A brief note on nuance: access matters. Employees from underrepresented groups often face fewer sponsorship opportunities. A fair system sets transparent criteria for gigs and rotations, audits who is selected, and requires managers to develop multiple candidates for each stepping-stone role.
A company that adopts these norms makes career growth normal, not exceptional.
A research-backed career pathing system blends Gartner's lattice mindset, McKinsey's on-the-job development insight, Deloitte's skills-first architecture, and Bersin's capability academies into one operating model. If your teams still ask what is career pathing, point to the clarity of visible paths, the fairness of skills-based decisions, the vitality of a marketplace with real opportunities, and the results on retention and internal mobility. Start with one high-need role family, measure what matters, and expand as you prove the impact.
Frequently Asked Questions
What is a career path example?
Imagine an employee asking what is career pathing for a customer operations role. A credible route to product management could look like this:
customer support specialist → senior support specialist → program coordinator, stepping-stone managing cross-team initiatives → associate product manager.
The stepping-stone role builds stakeholder management and prioritization, which are critical PM skills, through real work. This aligns to research showing that most skills grow on the job.
What are the 4 types of career pathways?
- Traditional (linear): predictable progression within one function and discipline.
- Dual: parallel tracks for management and expert growth, enabling senior influence without people leadership.
- Non-linear (lattice): lateral and diagonal moves across functions and projects to build composite capabilities.
- Entrepreneurial: roles that emphasize creating and scaling new offerings, internally or externally. Each can coexist in one architecture so people choose the route that fits their strengths and goals.
What is the career pathing framework?
If you are clarifying what is career pathing as a system, it is a bundle of standards and tools. You need a role and level architecture, a clear skills taxonomy with proficiency rubrics, multiple mapped paths per job family, development assets such as academies, mentorship, rotations, and gigs, an internal opportunity marketplace, a routine for career conversations, governance for fairness, and a metrics dashboard tracking mobility, promotion velocity, time to fill, development participation, and retention deltas.
What are the 5 stages of career planning?
- Self-assess: values, strengths, skills, constraints, and motivators.
- Explore: identify three viable target roles and understand the gaps.
- Choose: prioritize one near-term target and one stepping-stone role or project.
- Build: pursue on-the-job experiences and learning to close gaps within 90 to 180 days.

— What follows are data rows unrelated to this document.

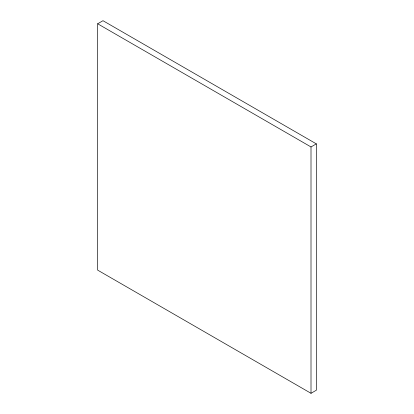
<?xml version="1.0" encoding="UTF-8"?>
<svg xmlns="http://www.w3.org/2000/svg" width="414" height="414" viewBox="0 0 414 414"><rect width="100%" height="100%" fill="white"/><g stroke="black" fill="none" stroke-linecap="round" stroke-linejoin="round"><path stroke-width="0.62" d="M97.663 23.779L102.993 20.7L316.337 143.87L316.337 390.221L311.007 393.3L97.663 270.13L97.663 23.779L311.007 146.949L316.337 143.87M311.007 146.949L311.007 393.3"/></g></svg>
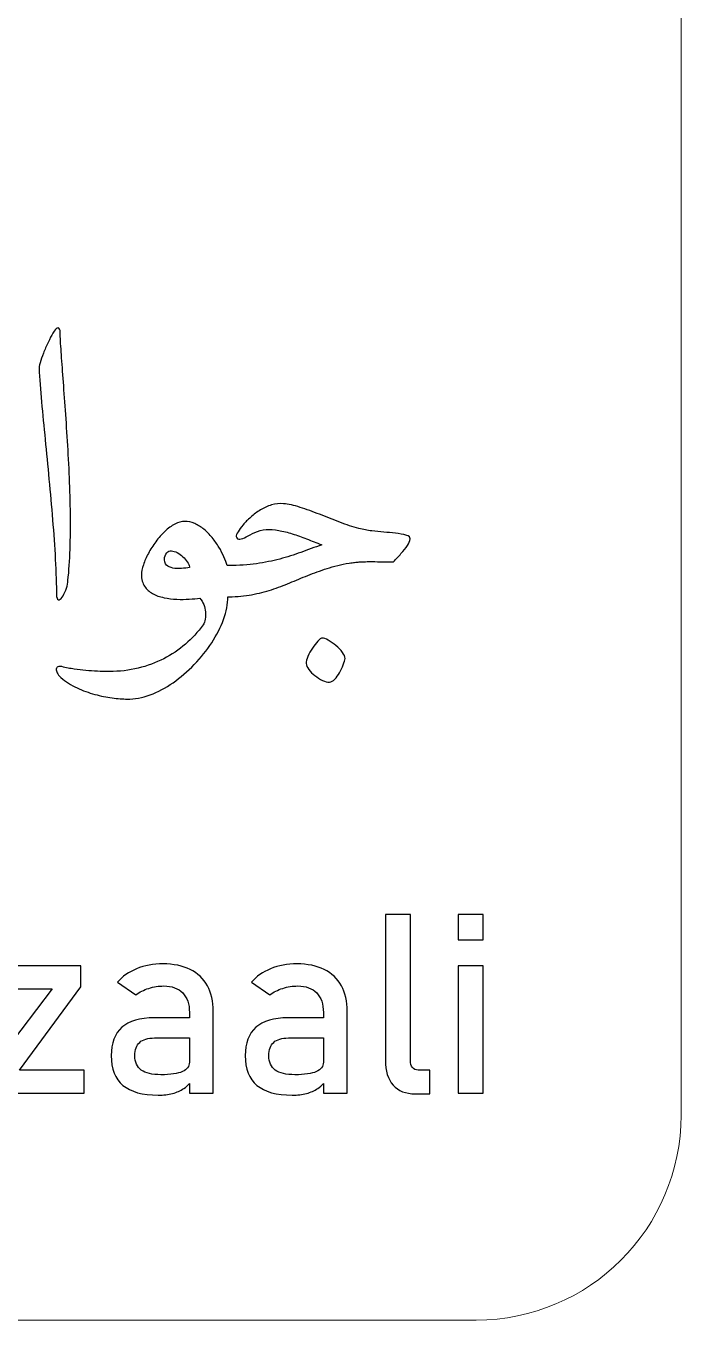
# Model space of a CAD drawing. Header units: millimetres. Extents: x -20 to 19.6, y -20.6 to 19.4.
# Drawn here: x 9.97 to 19.57, y -20.58 to -1.62 of the extents above; entities that cross this region are included whole.
import ezdxf

# ---------------------------------------------------------------- set-up
doc = ezdxf.new("R2010")
doc.units = ezdxf.units.MM
doc.header["$MEASUREMENT"] = 0
doc.layers.add('Layer 1', color=7, linetype='Continuous')

msp = doc.modelspace()

# ---------------------------------------------------------------- linework, layer by layer
at = {"layer": 'Layer 1', "color": 250, "lineweight": 18}
msp.add_open_spline([(-17.0166, 19.4228), (-17.0166, 19.4228), (16.5703, 19.4228), (16.5703, 19.4228), (18.2226, 19.4228), (19.5703, 18.0751), (19.5703, 16.4228), (19.5703, 16.4228), (19.5703, -17.5772), (19.5703, -17.5772), (19.5703, -19.2295), (18.2226, -20.5772), (16.5703, -20.5772), (16.5703, -20.5772), (-17.0166, -20.5772), (-17.0166, -20.5772), (-18.6689, -20.5772), (-20.0166, -19.2295), (-20.0166, -17.5772), (-20.0166, -17.5772), (-20.0166, 16.4228), (-20.0166, 16.4228), (-20.0166, 18.0751), (-18.6689, 19.4228), (-17.0166, 19.4228)], degree=3, knots=[0, 0, 0, 0, 0.125, 0.125, 0.125, 0.25, 0.25, 0.25, 0.375, 0.375, 0.375, 0.5, 0.5, 0.5, 0.625, 0.625, 0.625, 0.75, 0.75, 0.75, 0.875, 0.875, 0.875, 1, 1, 1, 1], dxfattribs=at)
at = {"layer": 'Layer 1', "color": 240}
for points, knots in [([(10.1675, -6.6343), (10.1649, -6.6234), (10.1702, -6.5966), (10.1824, -6.5546), (10.1949, -6.5127), (10.2115, -6.4654), (10.2317, -6.4132), (10.2521, -6.361), (10.2746, -6.3081), (10.2997, -6.2542), (10.3249, -6.2003), (10.349, -6.1547), (10.3717, -6.1181), (10.3949, -6.0811), (10.416, -6.0569), (10.4349, -6.0467), (10.4537, -6.0361), (10.4673, -6.0476), (10.4759, -6.0811), (10.4772, -6.1511), (10.4815, -6.2416), (10.4894, -6.3524), (10.4971, -6.4634), (10.506, -6.5893), (10.5168, -6.7295), (10.5272, -6.87), (10.5383, -7.0226), (10.5499, -7.1876), (10.5618, -7.3522), (10.5737, -7.523), (10.5846, -7.6999), (10.5958, -7.8764), (10.6051, -8.0555), (10.6131, -8.2372), (10.6207, -8.4183), (10.6256, -8.5975), (10.628, -8.7746), (10.6296, -8.9511), (10.628, -9.1213), (10.6223, -9.2853), (10.6167, -9.4498), (10.6061, -9.6019), (10.5909, -9.741), (10.5909, -9.7747), (10.5836, -9.8127), (10.5691, -9.8554), (10.5542, -9.898), (10.5374, -9.935), (10.5185, -9.9664), (10.4997, -9.9982), (10.4812, -10.017), (10.4634, -10.0243), (10.4452, -10.0309), (10.432, -10.0157), (10.4233, -9.978), (10.422, -9.8048), (10.416, -9.6233), (10.4058, -9.4333), (10.3949, -9.2433), (10.3817, -9.05), (10.3658, -8.8529), (10.35, -8.656), (10.3321, -8.4583), (10.3133, -8.26), (10.2944, -8.0618), (10.2756, -7.8674), (10.2571, -7.6776), (10.2379, -7.4877), (10.2204, -7.3042), (10.2042, -7.1277), (10.188, -6.9509), (10.1761, -6.7863), (10.1675, -6.6343)], [0, 0, 0, 0, 0.0416667, 0.0416667, 0.0416667, 0.0833333, 0.0833333, 0.0833333, 0.125, 0.125, 0.125, 0.1666667, 0.1666667, 0.1666667, 0.2083333, 0.2083333, 0.2083333, 0.25, 0.25, 0.25, 0.2916667, 0.2916667, 0.2916667, 0.3333333, 0.3333333, 0.3333333, 0.375, 0.375, 0.375, 0.4166667, 0.4166667, 0.4166667, 0.4583333, 0.4583333, 0.4583333, 0.5, 0.5, 0.5, 0.5416667, 0.5416667, 0.5416667, 0.5833333, 0.5833333, 0.5833333, 0.625, 0.625, 0.625, 0.6666667, 0.6666667, 0.6666667, 0.7083333, 0.7083333, 0.7083333, 0.75, 0.75, 0.75, 0.7916667, 0.7916667, 0.7916667, 0.8333333, 0.8333333, 0.8333333, 0.875, 0.875, 0.875, 0.9166667, 0.9166667, 0.9166667, 0.9583333, 0.9583333, 0.9583333, 1, 1, 1, 1]), ([(11.4583, -11.4804), (11.3922, -11.479), (11.3189, -11.473), (11.2372, -11.4622), (11.1559, -11.4519), (11.0713, -11.4347), (10.9838, -11.4112), (10.8965, -11.3871), (10.8099, -11.3558), (10.724, -11.3158), (10.638, -11.2757), (10.559, -11.2252), (10.4863, -11.1637), (10.4612, -11.1399), (10.443, -11.1174), (10.4328, -11.0956), (10.4225, -11.0741), (10.4179, -11.0553), (10.4203, -11.0401), (10.4225, -11.0249), (10.4301, -11.0136), (10.4441, -11.0067), (10.4582, -10.9995), (10.477, -10.9988), (10.5008, -11.0044), (10.564, -11.0199), (10.6241, -11.0322), (10.6823, -11.0411), (10.7402, -11.0503), (10.797, -11.0573), (10.8529, -11.0622), (10.9087, -11.0672), (10.9649, -11.0705), (11.0214, -11.0724), (11.0779, -11.0748), (11.1364, -11.0758), (11.1965, -11.0758), (11.3443, -11.0758), (11.4855, -11.0599), (11.6186, -11.0276), (11.7518, -10.9954), (11.8768, -10.9492), (11.9928, -10.8894), (12.1085, -10.8292), (12.2148, -10.7579), (12.311, -10.6746), (12.4072, -10.5913), (12.4934, -10.4984), (12.5688, -10.3946), (12.584, -10.3711), (12.5949, -10.3421), (12.6012, -10.3081), (12.6074, -10.2737), (12.6089, -10.2386), (12.6052, -10.2023), (12.6019, -10.1659), (12.5929, -10.1303), (12.5791, -10.0952), (12.5652, -10.0605), (12.5457, -10.0294), (12.5206, -10.0029), (12.4773, -10.0072), (12.4264, -10.0113), (12.3675, -10.0159), (12.3091, -10.0202), (12.2479, -10.0208), (12.1855, -10.0178), (12.1223, -10.0152), (12.0599, -10.0072), (11.9977, -9.9944), (11.9356, -9.9821), (11.8801, -9.9624), (11.8312, -9.9352), (11.7823, -9.9077), (11.7429, -9.8718), (11.7128, -9.8272), (11.6828, -9.7825), (11.6675, -9.7251), (11.6675, -9.6553), (11.6675, -9.615), (11.6768, -9.567), (11.6953, -9.5125), (11.7131, -9.4583), (11.7376, -9.4024), (11.7683, -9.3453), (11.7991, -9.2881), (11.8355, -9.2312), (11.8771, -9.1744), (11.919, -9.1179), (11.9636, -9.0679), (12.0106, -9.0237), (12.0569, -8.9797), (12.1058, -8.944), (12.1557, -8.9169), (12.2063, -8.8895), (12.2552, -8.8763), (12.3024, -8.8763), (12.3517, -8.8763), (12.3997, -8.8869), (12.4472, -8.9083), (12.4945, -8.9301), (12.5397, -8.9586), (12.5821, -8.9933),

- Review: check progress quarterly. Adjust goals and paths as your skills and the business evolve. This cadence turns what is career pathing into a continuous practice rather than a one-off conversation.
How can I create my own career path?
Answer your own what is career pathing with a simple plan. Draft a one-page map with three next-move options, the top three skills you must demonstrate, one stepping-stone project to secure in the next 60 days, two mentors or sponsors to engage, and a monthly check-in to review progress with your manager. Apply to at least one internal gig per month, and track outcomes. If your company offers a marketplace or capability academies, use them to turn goals into experiences that compound.